Murray went on to spend some time on the ways the plaintiffs feel the Supervisors acted in an arbitrary and capricious manner, including: the applicant is not involved; the sound study was rejected; the DNR recommendations were rejected; and, the State Archaeologists recommendations were not taken into consideration.

"We had a sound study rejected that was completed by the Supervisors that stated there were times when the sound decibel would exceed the ordinance's maximum decibel of 50," Murray stated.

The District Court took issue with this in her ruling," Appel stated. "The original study was completed by PAWE and Invenergy and it was determined that even with certain conditions the sound would not exceed 40 decibels. Then Richard James reevaluated this original study PAWE and Invenergy and came up with several pessimistic conclusions including that 196 turbines would be included, when in fact it is only 170. "

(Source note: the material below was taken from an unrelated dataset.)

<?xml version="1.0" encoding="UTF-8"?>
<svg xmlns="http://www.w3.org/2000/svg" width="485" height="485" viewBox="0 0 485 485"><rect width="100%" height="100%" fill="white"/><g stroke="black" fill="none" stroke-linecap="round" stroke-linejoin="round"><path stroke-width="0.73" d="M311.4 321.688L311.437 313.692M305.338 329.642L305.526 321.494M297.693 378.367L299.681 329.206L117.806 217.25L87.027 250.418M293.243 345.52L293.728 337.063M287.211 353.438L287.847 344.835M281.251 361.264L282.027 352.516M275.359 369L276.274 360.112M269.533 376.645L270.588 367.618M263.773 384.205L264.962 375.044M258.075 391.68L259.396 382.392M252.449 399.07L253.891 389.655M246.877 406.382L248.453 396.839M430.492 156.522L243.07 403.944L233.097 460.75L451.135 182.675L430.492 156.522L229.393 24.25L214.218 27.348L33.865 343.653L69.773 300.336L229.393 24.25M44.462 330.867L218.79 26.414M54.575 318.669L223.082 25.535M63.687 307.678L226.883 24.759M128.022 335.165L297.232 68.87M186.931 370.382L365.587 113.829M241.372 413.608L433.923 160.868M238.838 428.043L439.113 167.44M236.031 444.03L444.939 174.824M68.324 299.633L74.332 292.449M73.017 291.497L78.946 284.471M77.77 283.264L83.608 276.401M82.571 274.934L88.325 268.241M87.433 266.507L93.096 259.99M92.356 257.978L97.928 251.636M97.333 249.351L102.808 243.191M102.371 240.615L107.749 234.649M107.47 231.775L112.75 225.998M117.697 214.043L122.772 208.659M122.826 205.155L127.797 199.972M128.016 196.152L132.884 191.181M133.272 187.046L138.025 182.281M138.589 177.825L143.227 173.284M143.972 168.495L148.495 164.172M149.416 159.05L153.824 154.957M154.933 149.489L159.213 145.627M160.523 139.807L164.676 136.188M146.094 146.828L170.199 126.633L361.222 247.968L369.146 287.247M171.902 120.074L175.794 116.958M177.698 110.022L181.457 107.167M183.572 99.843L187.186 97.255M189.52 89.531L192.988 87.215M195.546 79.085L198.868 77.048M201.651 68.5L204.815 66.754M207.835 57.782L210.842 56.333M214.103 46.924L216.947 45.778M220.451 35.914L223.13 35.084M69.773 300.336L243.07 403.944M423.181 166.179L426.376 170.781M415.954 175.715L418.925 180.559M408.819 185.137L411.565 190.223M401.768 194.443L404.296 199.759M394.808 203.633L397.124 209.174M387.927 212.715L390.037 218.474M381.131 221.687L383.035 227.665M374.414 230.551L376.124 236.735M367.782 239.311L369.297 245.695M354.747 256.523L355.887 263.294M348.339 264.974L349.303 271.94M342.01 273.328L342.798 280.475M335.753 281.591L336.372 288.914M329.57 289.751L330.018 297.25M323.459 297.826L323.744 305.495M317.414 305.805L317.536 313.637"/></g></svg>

Appel referenced, at one point during this entire litigation process the Supervisors testified that PAWE will have to comply with the ordinance or the supervisors will shut them down until they do comply.

"So what is wrong with this?" Justice Appel asked.

"It sounds like a fact issue to me," Murray replied.

"What is the fact issue?" Appel questioned. "It's your burden to show that the Supervisors acted illegally, arbitrarily and capriciously and it seems to me that it was an exercise of judgment by them on the undisputed record sworn to by them."

According to Murray, he felt there were disputes in prior testimony and again brought up the issue of the sound study being ignored when presented to the Supervisors.

Sheila Tipton, Attorney for the Supervisors, gave her arguments, pointing out that in Section 9, any change in ownership, the new owners are bound by the same contractual agreements as the developer.

"The County also has a separate decommissioning agreement and secondary road agreement, which must be agreed to by all parties in the development stage," Tipton stated.

"The ordinance is a stand alone ordinance. At the time the Supervisors developed it, the setbacks in the ordinance were the toughest and farthest setbacks in the state.

"We request that you uphold the lower courts decision and rule in favor of the Supervisors," Tiption added.

Comments on

Oral Arguments

"The whole justification is that the IUB has taken their responsibility, which they say in their mission and vision statement, and put it on all 99 County Supervisors, who are not experts in the energy field as the IUB claims they are," Bertha Mathis commented. "It's not about opposing wind energy; it's siting and the correct siting of wind energy, especially around residents. And we need regulation, especially with energy companies regulating themselves."

Supervisor Chairman Craig Merrill had this to say, "I believe the process is working and we will wait for the decision."